Especies Introducidas

  Tipo de introducción:
Accidental
  Categoria:
Invasora
  Vector de introducción - detalles:
Es probable que las introducciones iniciales en sitios portuarios se hayan originado a partir de larvas transportadas en agua de lastre, dados los registros relativamente tempranos en estos sitios. La propagación a las bahías y la gran dispersión de esta especie a escala mundial se debió probablemente a incrustaciones en el casco de embarcaciones o, a través de larvas transportadas por las corrientes a lo largo de la costa (Cohen, 2006;Fofonoff et al., 2018).
  Vector de introducción:
Aguas de lastre
  Impacto ecológico - detalles:
Amphibalanus amphitrite, junto con A. eburneus y A. improvisus, son fuertes competidores en comunidades incrustantes. Por ejemplo, en India compitieron con la ostra oriental Crassostrea virginica por los sitios de asentamiento, afectando la supervivencia y el crecimiento de estas ostras al asentarse en sus conchas (Boudreaux et al., 2009). Adicionalmente, A. amphitrite afecta la composición de la comunidad de incrustantes, principalmente al crear una estructura adicional para el reclutamiento y colonización de especies móviles (Fofonoff et al., 2018).

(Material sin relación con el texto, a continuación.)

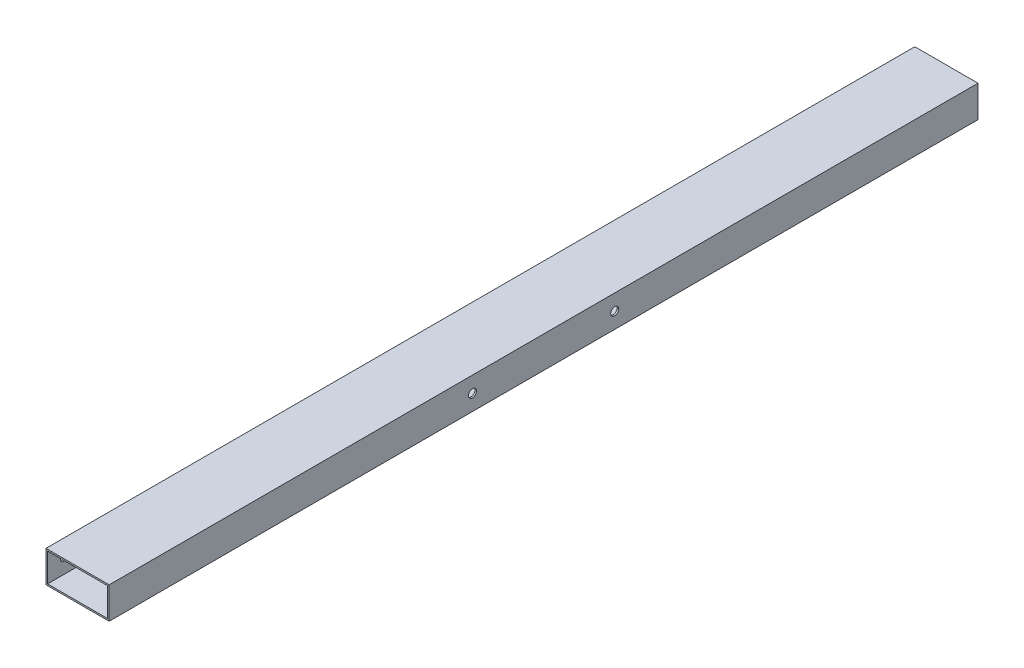
ISO-10303-21;
HEADER;
FILE_DESCRIPTION(('STEP AP214'),'2;1');
FILE_NAME('part.step','',(''),(''),'','','');
FILE_SCHEMA(('AUTOMOTIVE_DESIGN { 1 0 10303 214 1 1 1 1 }'));
ENDSEC;
DATA;
#1=APPLICATION_CONTEXT('core data for automotive mechanical design processes');
#2=APPLICATION_PROTOCOL_DEFINITION('international standard','automotive_design',2000,#1);
#3=PRODUCT_CONTEXT('',#1,'mechanical');
#4=PRODUCT('Part','Part','',(#3));
#5=PRODUCT_RELATED_PRODUCT_CATEGORY('part','',(#4));
#6=PRODUCT_DEFINITION_FORMATION('','',#4);
#7=PRODUCT_DEFINITION_CONTEXT('part definition',#1,'design');
#8=PRODUCT_DEFINITION('design','',#6,#7);
#9=PRODUCT_DEFINITION_SHAPE('','',#8);
#10=(LENGTH_UNIT() NAMED_UNIT(*) SI_UNIT(.MILLI.,.METRE.));
#11=(NAMED_UNIT(*) PLANE_ANGLE_UNIT() SI_UNIT($,.RADIAN.));
#12=(NAMED_UNIT(*) SI_UNIT($,.STERADIAN.) SOLID_ANGLE_UNIT());
#13=UNCERTAINTY_MEASURE_WITH_UNIT(LENGTH_MEASURE(1.E-05),#10,'distance_accuracy_value','');
#14=(GEOMETRIC_REPRESENTATION_CONTEXT(3) GLOBAL_UNCERTAINTY_ASSIGNED_CONTEXT((#13)) GLOBAL_UNIT_ASSIGNED_CONTEXT((#10,
#11,#12)) REPRESENTATION_CONTEXT('',''));
#15=CARTESIAN_POINT('',(0.,0.,0.));
#16=DIRECTION('',(0.,0.,1.));
#17=DIRECTION('',(1.,0.,0.));
#18=AXIS2_PLACEMENT_3D('',#15,#16,#17);
#19=CARTESIAN_POINT('',(0.,0.,550.));
#20=DIRECTION('',(0.,0.,1.));
#21=DIRECTION('',(1.,0.,0.));
#22=AXIS2_PLACEMENT_3D('',#19,#20,#21);
#23=PLANE('',#22);
#24=DIRECTION('',(0.,-1.,0.));
#25=VECTOR('',#24,1.);
#26=CARTESIAN_POINT('',(0.,0.,550.));
#27=LINE('',#26,#25);
#28=CARTESIAN_POINT('',(0.,0.,550.));
#29=VERTEX_POINT('',#28);
#30=CARTESIAN_POINT('',(0.,-20.,550.));
#31=VERTEX_POINT('',#30);
#32=EDGE_CURVE('E170',#29,#31,#27,.T.);
#33=ORIENTED_EDGE('',*,*,#32,.T.);
#34=DIRECTION('',(1.,0.,0.));
#35=VECTOR('',#34,1.);
#36=CARTESIAN_POINT('',(0.,-20.,550.));
#37=LINE('',#36,#35);
#38=CARTESIAN_POINT('',(40.,-20.,550.));
#39=VERTEX_POINT('',#38);
#40=EDGE_CURVE('E173',#31,#39,#37,.T.);
#41=ORIENTED_EDGE('',*,*,#40,.T.);
#42=DIRECTION('',(0.,1.,0.));
#43=VECTOR('',#42,1.);
#44=CARTESIAN_POINT('',(40.,0.,550.));
#45=LINE('',#44,#43);
#46=CARTESIAN_POINT('',(40.,0.,550.));
#47=VERTEX_POINT('',#46);
#48=EDGE_CURVE('E176',#39,#47,#45,.T.);
#49=ORIENTED_EDGE('',*,*,#48,.T.);
#50=DIRECTION('',(-1.,0.,0.));
#51=VECTOR('',#50,1.);
#52=CARTESIAN_POINT('',(0.,0.,550.));
#53=LINE('',#52,#51);
#54=EDGE_CURVE('E178',#47,#29,#53,.T.);
#55=ORIENTED_EDGE('',*,*,#54,.T.);
#56=EDGE_LOOP('',(#33,#41,#49,#55));
#57=FACE_BOUND('',#56,.T.);
#58=DIRECTION('',(1.,0.,0.));
#59=VECTOR('',#58,1.);
#60=CARTESIAN_POINT('',(0.,-19.,550.));
#61=LINE('',#60,#59);
#62=CARTESIAN_POINT('',(1.,-19.,550.));
#63=VERTEX_POINT('',#62);
#64=CARTESIAN_POINT('',(39.,-19.,550.));
#65=VERTEX_POINT('',#64);
#66=EDGE_CURVE('E140',#63,#65,#61,.T.);
#67=ORIENTED_EDGE('',*,*,#66,.F.);
#68=DIRECTION('',(0.,-1.,0.));
#69=VECTOR('',#68,1.);
#70=CARTESIAN_POINT('',(1.,0.,550.));
#71=LINE('',#70,#69);
#72=CARTESIAN_POINT('',(1.,-1.,550.));
#73=VERTEX_POINT('',#72);
#74=EDGE_CURVE('E132',#73,#63,#71,.T.);
#75=ORIENTED_EDGE('',*,*,#74,.F.);
#76=DIRECTION('',(-1.,0.,0.));
#77=VECTOR('',#76,1.);
#78=CARTESIAN_POINT('',(0.,-1.,550.));
#79=LINE('',#78,#77);
#80=CARTESIAN_POINT('',(39.,-1.,550.));
#81=VERTEX_POINT('',#80);
#82=EDGE_CURVE('E154',#81,#73,#79,.T.);
#83=ORIENTED_EDGE('',*,*,#82,.F.);
#84=DIRECTION('',(0.,1.,0.));
#85=VECTOR('',#84,1.);
#86=CARTESIAN_POINT('',(39.,0.,550.));
#87=LINE('',#86,#85);
#88=EDGE_CURVE('E152',#65,#81,#87,.T.);
#89=ORIENTED_EDGE('',*,*,#88,.F.);
#90=EDGE_LOOP('',(#67,#75,#83,#89));
#91=FACE_BOUND('',#90,.T.);
#92=ADVANCED_FACE('F65',(#57,#91),#23,.T.);
#93=CARTESIAN_POINT('',(0.,0.,0.));
#94=DIRECTION('',(0.,0.,1.));
#95=DIRECTION('',(1.,0.,0.));
#96=AXIS2_PLACEMENT_3D('',#93,#94,#95);
#97=PLANE('',#96);
#98=DIRECTION('',(0.,-1.,0.));
#99=VECTOR('',#98,1.);
#100=CARTESIAN_POINT('',(0.,0.,0.));
#101=LINE('',#100,#99);
#102=CARTESIAN_POINT('',(0.,0.,0.));
#103=VERTEX_POINT('',#102);
#104=CARTESIAN_POINT('',(0.,-20.,0.));
#105=VERTEX_POINT('',#104);
#106=EDGE_CURVE('E148',#103,#105,#101,.T.);
#107=ORIENTED_EDGE('',*,*,#106,.F.);
#108=DIRECTION('',(-1.,0.,0.));
#109=VECTOR('',#108,1.);
#110=CARTESIAN_POINT('',(0.,0.,0.));
#111=LINE('',#110,#109);
#112=CARTESIAN_POINT('',(40.,0.,0.));
#113=VERTEX_POINT('',#112);
#114=EDGE_CURVE('E174',#113,#103,#111,.T.);
#115=ORIENTED_EDGE('',*,*,#114,.F.);
#116=DIRECTION('',(0.,1.,0.));
#117=VECTOR('',#116,1.);
#118=CARTESIAN_POINT('',(40.,0.,0.));
#119=LINE('',#118,#117);
#120=CARTESIAN_POINT('',(40.,-20.,0.));
#121=VERTEX_POINT('',#120);
#122=EDGE_CURVE('E185',#121,#113,#119,.T.);
#123=ORIENTED_EDGE('',*,*,#122,.F.);
#124=DIRECTION('',(1.,0.,0.));
#125=VECTOR('',#124,1.);
#126=CARTESIAN_POINT('',(0.,-20.,0.));
#127=LINE('',#126,#125);
#128=EDGE_CURVE('E183',#105,#121,#127,.T.);
#129=ORIENTED_EDGE('',*,*,#128,.F.);
#130=EDGE_LOOP('',(#107,#115,#123,#129));
#131=FACE_BOUND('',#130,.T.);
#132=DIRECTION('',(0.,-1.,0.));
#133=VECTOR('',#132,1.);
#134=CARTESIAN_POINT('',(1.,0.,0.));
#135=LINE('',#134,#133);
#136=CARTESIAN_POINT('',(1.,-1.,0.));
#137=VERTEX_POINT('',#136);
#138=CARTESIAN_POINT('',(1.,-19.,0.));
#139=VERTEX_POINT('',#138);
#140=EDGE_CURVE('E90',#137,#139,#135,.T.);
#141=ORIENTED_EDGE('',*,*,#140,.T.);
#142=DIRECTION('',(1.,0.,0.));
#143=VECTOR('',#142,1.);
#144=CARTESIAN_POINT('',(0.,-19.,0.));
#145=LINE('',#144,#143);
#146=CARTESIAN_POINT('',(39.,-19.,0.));
#147=VERTEX_POINT('',#146);
#148=EDGE_CURVE('E147',#139,#147,#145,.T.);
#149=ORIENTED_EDGE('',*,*,#148,.T.);
#150=DIRECTION('',(0.,1.,0.));
#151=VECTOR('',#150,1.);
#152=CARTESIAN_POINT('',(39.,0.,0.));
#153=LINE('',#152,#151);
#154=CARTESIAN_POINT('',(39.,-1.,0.));
#155=VERTEX_POINT('',#154);
#156=EDGE_CURVE('E162',#147,#155,#153,.T.);
#157=ORIENTED_EDGE('',*,*,#156,.T.);
#158=DIRECTION('',(-1.,0.,0.));
#159=VECTOR('',#158,1.);
#160=CARTESIAN_POINT('',(0.,-1.,0.));
#161=LINE('',#160,#159);
#162=EDGE_CURVE('E141',#155,#137,#161,.T.);
#163=ORIENTED_EDGE('',*,*,#162,.T.);
#164=EDGE_LOOP('',(#141,#149,#157,#163));
#165=FACE_BOUND('',#164,.T.);
#166=ADVANCED_FACE('F241',(#131,#165),#97,.F.);
#167=CARTESIAN_POINT('',(0.,0.,550.));
#168=DIRECTION('',(1.,0.,0.));
#169=DIRECTION('',(0.,0.,-1.));
#170=AXIS2_PLACEMENT_3D('',#167,#168,#169);
#171=PLANE('',#170);
#172=CARTESIAN_POINT('',(0.,-10.,320.));
#173=DIRECTION('',(1.,0.,0.));
#174=DIRECTION('',(0.,0.,-1.));
#175=AXIS2_PLACEMENT_3D('',#172,#173,#174);
#176=CIRCLE('',#175,2.50000000000002);
#177=CARTESIAN_POINT('',(0.,-10.,317.5));
#178=VERTEX_POINT('',#177);
#179=EDGE_CURVE('E208',#178,#178,#176,.T.);
#180=ORIENTED_EDGE('',*,*,#179,.T.);
#181=EDGE_LOOP('',(#180));
#182=FACE_BOUND('',#181,.T.);
#183=CARTESIAN_POINT('',(0.,-10.,230.));
#184=DIRECTION('',(1.,0.,0.));
#185=DIRECTION('',(0.,0.,-1.));
#186=AXIS2_PLACEMENT_3D('',#183,#184,#185);
#187=CIRCLE('',#186,2.5);
#188=CARTESIAN_POINT('',(0.,-10.,227.5));
#189=VERTEX_POINT('',#188);
#190=EDGE_CURVE('E224',#189,#189,#187,.T.);
#191=ORIENTED_EDGE('',*,*,#190,.T.);
#192=EDGE_LOOP('',(#191));
#193=FACE_BOUND('',#192,.T.);
#194=CARTESIAN_POINT('',(0.,-10.,255.));
#195=DIRECTION('',(-1.,0.,0.));
#196=DIRECTION('',(0.,0.,1.));
#197=AXIS2_PLACEMENT_3D('',#194,#195,#196);
#198=CIRCLE('',#197,2.60000000000002);
#199=CARTESIAN_POINT('',(0.,-10.,257.6));
#200=VERTEX_POINT('',#199);
#201=EDGE_CURVE('E204',#200,#200,#198,.T.);
#202=ORIENTED_EDGE('',*,*,#201,.F.);
#203=EDGE_LOOP('',(#202));
#204=FACE_BOUND('',#203,.T.);
#205=CARTESIAN_POINT('',(0.,-10.,539.996387591484));
#206=DIRECTION('',(-1.,0.,0.));
#207=DIRECTION('',(0.,0.,1.));
#208=AXIS2_PLACEMENT_3D('',#205,#206,#207);
#209=CIRCLE('',#208,1.74999999999999);
#210=CARTESIAN_POINT('',(0.,-10.,541.746387591484));
#211=VERTEX_POINT('',#210);
#212=EDGE_CURVE('E198',#211,#211,#209,.T.);
#213=ORIENTED_EDGE('',*,*,#212,.F.);
#214=EDGE_LOOP('',(#213));
#215=FACE_BOUND('',#214,.T.);
#216=CARTESIAN_POINT('',(0.,-10.0000000016865,9.99999999967148));
#217=DIRECTION('',(-1.,0.,0.));
#218=DIRECTION('',(0.,0.,1.));
#219=AXIS2_PLACEMENT_3D('',#216,#217,#218);
#220=CIRCLE('',#219,1.75000000031466);
#221=CARTESIAN_POINT('',(0.,-10.0000000016865,11.7499999999861));
#222=VERTEX_POINT('',#221);
#223=EDGE_CURVE('E203',#222,#222,#220,.T.);
#224=ORIENTED_EDGE('',*,*,#223,.F.);
#225=EDGE_LOOP('',(#224));
#226=FACE_BOUND('',#225,.T.);
#227=ORIENTED_EDGE('',*,*,#106,.T.);
#228=DIRECTION('',(0.,0.,-1.));
#229=VECTOR('',#228,1.);
#230=CARTESIAN_POINT('',(0.,-20.,550.));
#231=LINE('',#230,#229);
#232=EDGE_CURVE('E12',#31,#105,#231,.T.);
#233=ORIENTED_EDGE('',*,*,#232,.F.);
#234=ORIENTED_EDGE('',*,*,#32,.F.);
#235=DIRECTION('',(0.,0.,-1.));
#236=VECTOR('',#235,1.);
#237=CARTESIAN_POINT('',(0.,0.,550.));
#238=LINE('',#237,#236);
#239=EDGE_CURVE('E180',#29,#103,#238,.T.);
#240=ORIENTED_EDGE('',*,*,#239,.T.);
#241=EDGE_LOOP('',(#227,#233,#234,#240));
#242=FACE_BOUND('',#241,.T.);
#243=ADVANCED_FACE('F67',(#182,#193,#204,#215,#226,#242),#171,.F.);
#244=CARTESIAN_POINT('',(0.,-20.,550.));
#245=DIRECTION('',(0.,1.,0.));
#246=DIRECTION('',(0.,0.,1.));
#247=AXIS2_PLACEMENT_3D('',#244,#245,#246);
#248=PLANE('',#247);
#249=ORIENTED_EDGE('',*,*,#128,.T.);
#250=DIRECTION('',(0.,0.,-1.));
#251=VECTOR('',#250,1.);
#252=CARTESIAN_POINT('',(40.,-20.,550.));
#253=LINE('',#252,#251);
#254=EDGE_CURVE('E74',#39,#121,#253,.T.);
#255=ORIENTED_EDGE('',*,*,#254,.F.);
#256=ORIENTED_EDGE('',*,*,#40,.F.);
#257=ORIENTED_EDGE('',*,*,#232,.T.);
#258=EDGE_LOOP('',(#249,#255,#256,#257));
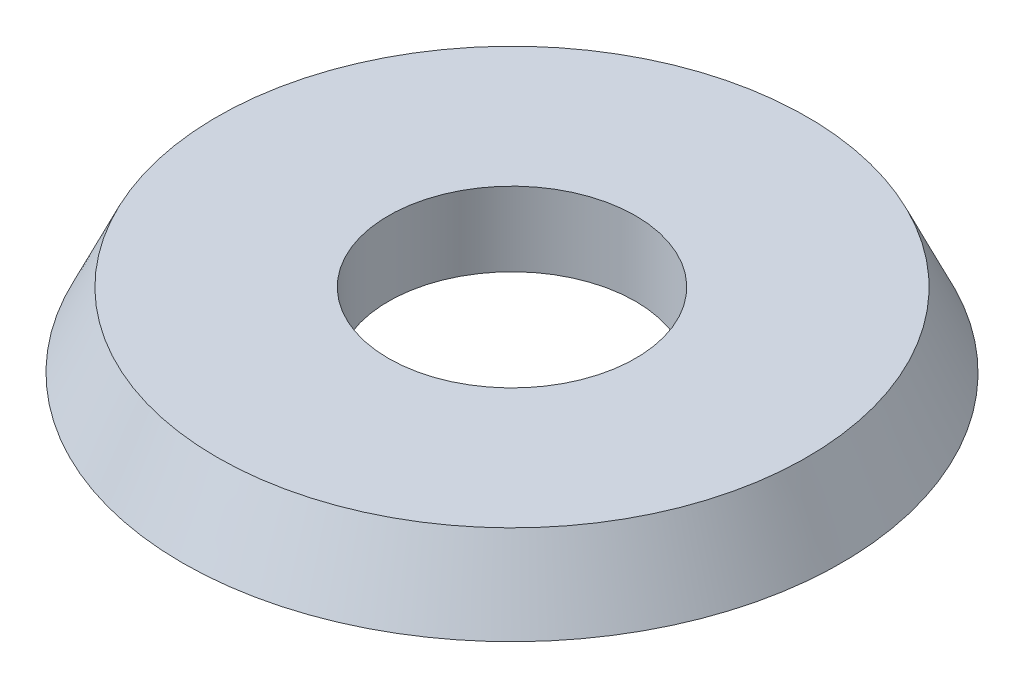
ISO-10303-21;
HEADER;
FILE_DESCRIPTION(('STEP AP214'),'2;1');
FILE_NAME('part.step','',(''),(''),'','','');
FILE_SCHEMA(('AUTOMOTIVE_DESIGN { 1 0 10303 214 1 1 1 1 }'));
ENDSEC;
DATA;
#1=APPLICATION_CONTEXT('core data for automotive mechanical design processes');
#2=APPLICATION_PROTOCOL_DEFINITION('international standard','automotive_design',2000,#1);
#3=PRODUCT_CONTEXT('',#1,'mechanical');
#4=PRODUCT('Part','Part','',(#3));
#5=PRODUCT_RELATED_PRODUCT_CATEGORY('part','',(#4));
#6=PRODUCT_DEFINITION_FORMATION('','',#4);
#7=PRODUCT_DEFINITION_CONTEXT('part definition',#1,'design');
#8=PRODUCT_DEFINITION('design','',#6,#7);
#9=PRODUCT_DEFINITION_SHAPE('','',#8);
#10=(LENGTH_UNIT() NAMED_UNIT(*) SI_UNIT(.MILLI.,.METRE.));
#11=(NAMED_UNIT(*) PLANE_ANGLE_UNIT() SI_UNIT($,.RADIAN.));
#12=(NAMED_UNIT(*) SI_UNIT($,.STERADIAN.) SOLID_ANGLE_UNIT());
#13=UNCERTAINTY_MEASURE_WITH_UNIT(LENGTH_MEASURE(1.E-05),#10,'distance_accuracy_value','');
#14=(GEOMETRIC_REPRESENTATION_CONTEXT(3) GLOBAL_UNCERTAINTY_ASSIGNED_CONTEXT((#13)) GLOBAL_UNIT_ASSIGNED_CONTEXT((#10,
#11,#12)) REPRESENTATION_CONTEXT('',''));
#15=CARTESIAN_POINT('',(0.,0.,0.));
#16=DIRECTION('',(0.,0.,1.));
#17=DIRECTION('',(1.,0.,0.));
#18=AXIS2_PLACEMENT_3D('',#15,#16,#17);
#19=CARTESIAN_POINT('',(-20.,0.,0.));
#20=DIRECTION('',(0.,-1.,0.));
#21=DIRECTION('',(0.,0.,-1.));
#22=AXIS2_PLACEMENT_3D('',#19,#20,#21);
#23=PLANE('',#22);
#24=CARTESIAN_POINT('',(0.,0.,0.));
#25=DIRECTION('',(0.,1.,0.));
#26=DIRECTION('',(0.,0.,1.));
#27=AXIS2_PLACEMENT_3D('',#24,#25,#26);
#28=CIRCLE('',#27,7.5);
#29=CARTESIAN_POINT('',(0.,0.,7.5));
#30=VERTEX_POINT('',#29);
#31=EDGE_CURVE('E10',#30,#30,#28,.T.);
#32=ORIENTED_EDGE('',*,*,#31,.T.);
#33=EDGE_LOOP('',(#32));
#34=FACE_BOUND('',#33,.T.);
#35=CARTESIAN_POINT('',(0.,0.,0.));
#36=DIRECTION('',(0.,1.,0.));
#37=DIRECTION('',(0.,0.,1.));
#38=AXIS2_PLACEMENT_3D('',#35,#36,#37);
#39=CIRCLE('',#38,20.);
#40=CARTESIAN_POINT('',(0.,0.,20.));
#41=VERTEX_POINT('',#40);
#42=EDGE_CURVE('E47',#41,#41,#39,.T.);
#43=ORIENTED_EDGE('',*,*,#42,.F.);
#44=EDGE_LOOP('',(#43));
#45=FACE_BOUND('',#44,.T.);
#46=ADVANCED_FACE('F33',(#34,#45),#23,.T.);
#47=CARTESIAN_POINT('',(0.,0.,0.));
#48=DIRECTION('',(0.,1.,0.));
#49=DIRECTION('',(0.,0.,1.));
#50=AXIS2_PLACEMENT_3D('',#47,#48,#49);
#51=CYLINDRICAL_SURFACE('',#50,7.5);
#52=CARTESIAN_POINT('',(0.,4.5,0.));
#53=DIRECTION('',(0.,1.,0.));
#54=DIRECTION('',(0.,0.,1.));
#55=AXIS2_PLACEMENT_3D('',#52,#53,#54);
#56=CIRCLE('',#55,7.5);
#57=CARTESIAN_POINT('',(0.,4.5,7.5));
#58=VERTEX_POINT('',#57);
#59=EDGE_CURVE('E39',#58,#58,#56,.T.);
#60=ORIENTED_EDGE('',*,*,#59,.T.);
#61=EDGE_LOOP('',(#60));
#62=FACE_BOUND('',#61,.T.);
#63=ORIENTED_EDGE('',*,*,#31,.F.);
#64=EDGE_LOOP('',(#63));
#65=FACE_BOUND('',#64,.T.);
#66=ADVANCED_FACE('F57',(#62,#65),#51,.F.);
#67=CARTESIAN_POINT('',(-7.5,4.5,0.));
#68=DIRECTION('',(0.,1.,0.));
#69=DIRECTION('',(0.,0.,1.));
#70=AXIS2_PLACEMENT_3D('',#67,#68,#69);
#71=PLANE('',#70);
#72=CARTESIAN_POINT('',(0.,4.5,0.));
#73=DIRECTION('',(0.,1.,0.));
#74=DIRECTION('',(0.,0.,1.));
#75=AXIS2_PLACEMENT_3D('',#72,#73,#74);
#76=CIRCLE('',#75,17.9);
#77=CARTESIAN_POINT('',(0.,4.5,17.9));
#78=VERTEX_POINT('',#77);
#79=EDGE_CURVE('E43',#78,#78,#76,.T.);
#80=ORIENTED_EDGE('',*,*,#79,.T.);
#81=EDGE_LOOP('',(#80));
#82=FACE_BOUND('',#81,.T.);
#83=ORIENTED_EDGE('',*,*,#59,.F.);
#84=EDGE_LOOP('',(#83));
#85=FACE_BOUND('',#84,.T.);
#86=ADVANCED_FACE('F61',(#82,#85),#71,.T.);
#87=CARTESIAN_POINT('',(0.,4.5,0.));
#88=DIRECTION('',(0.,-1.,0.));
#89=DIRECTION('',(0.,0.,-1.));
#90=AXIS2_PLACEMENT_3D('',#87,#88,#89);
#91=CONICAL_SURFACE('',#90,17.9,0.436627159813542);
#92=ORIENTED_EDGE('',*,*,#42,.T.);
#93=EDGE_LOOP('',(#92));
#94=FACE_BOUND('',#93,.T.);
#95=ORIENTED_EDGE('',*,*,#79,.F.);
#96=EDGE_LOOP('',(#95));
#97=FACE_BOUND('',#96,.T.);
#98=ADVANCED_FACE('F53',(#94,#97),#91,.T.);
#99=CLOSED_SHELL('',(#46,#66,#86,#98));
#100=MANIFOLD_SOLID_BREP('B2',#99);
#101=ADVANCED_BREP_SHAPE_REPRESENTATION('',(#18,#100),#14);
#102=SHAPE_DEFINITION_REPRESENTATION(#9,#101);
ENDSEC;
END-ISO-10303-21;

  Impacto económico - detalles:
Las agregaciones de balanos en el casco de embarcaciones aumentan la fricción entre la superficie de los fondos de los barcos y el agua circundante, es decir, se requiere energía adicional para mover el barco a la misma velocidad, por lo que se aumenta los costos de combustible y disminuye la maniobrabilidad y eficiencia. Otros impactos costosos para las líneas de navegación son la limpieza de boyas y elementos de señalización. Adicionalmente, puede bloquear tuberías de entrada de las plantas desalinizadoras y estaciones de energía costeras (Masterson, 2007; Fofonoff et al., 2018).
  Medidas de control:
A pesar de ser un organismo muy estudiado, no se han desarrollado estrategias de control a escala global (Hayes et al., 2005). Para la Bahía de Buenaventura, se ha planteado la necesidad de un control más riguroso en cuanto al manejo de aguas de lastre y el mantenimiento de cascos de barcos, con lo que se limitaría su llegada, así como un manejo adecuado de las aguas servidas para limitar su proliferación (Alzate, 2009;Gracia et al., 2011).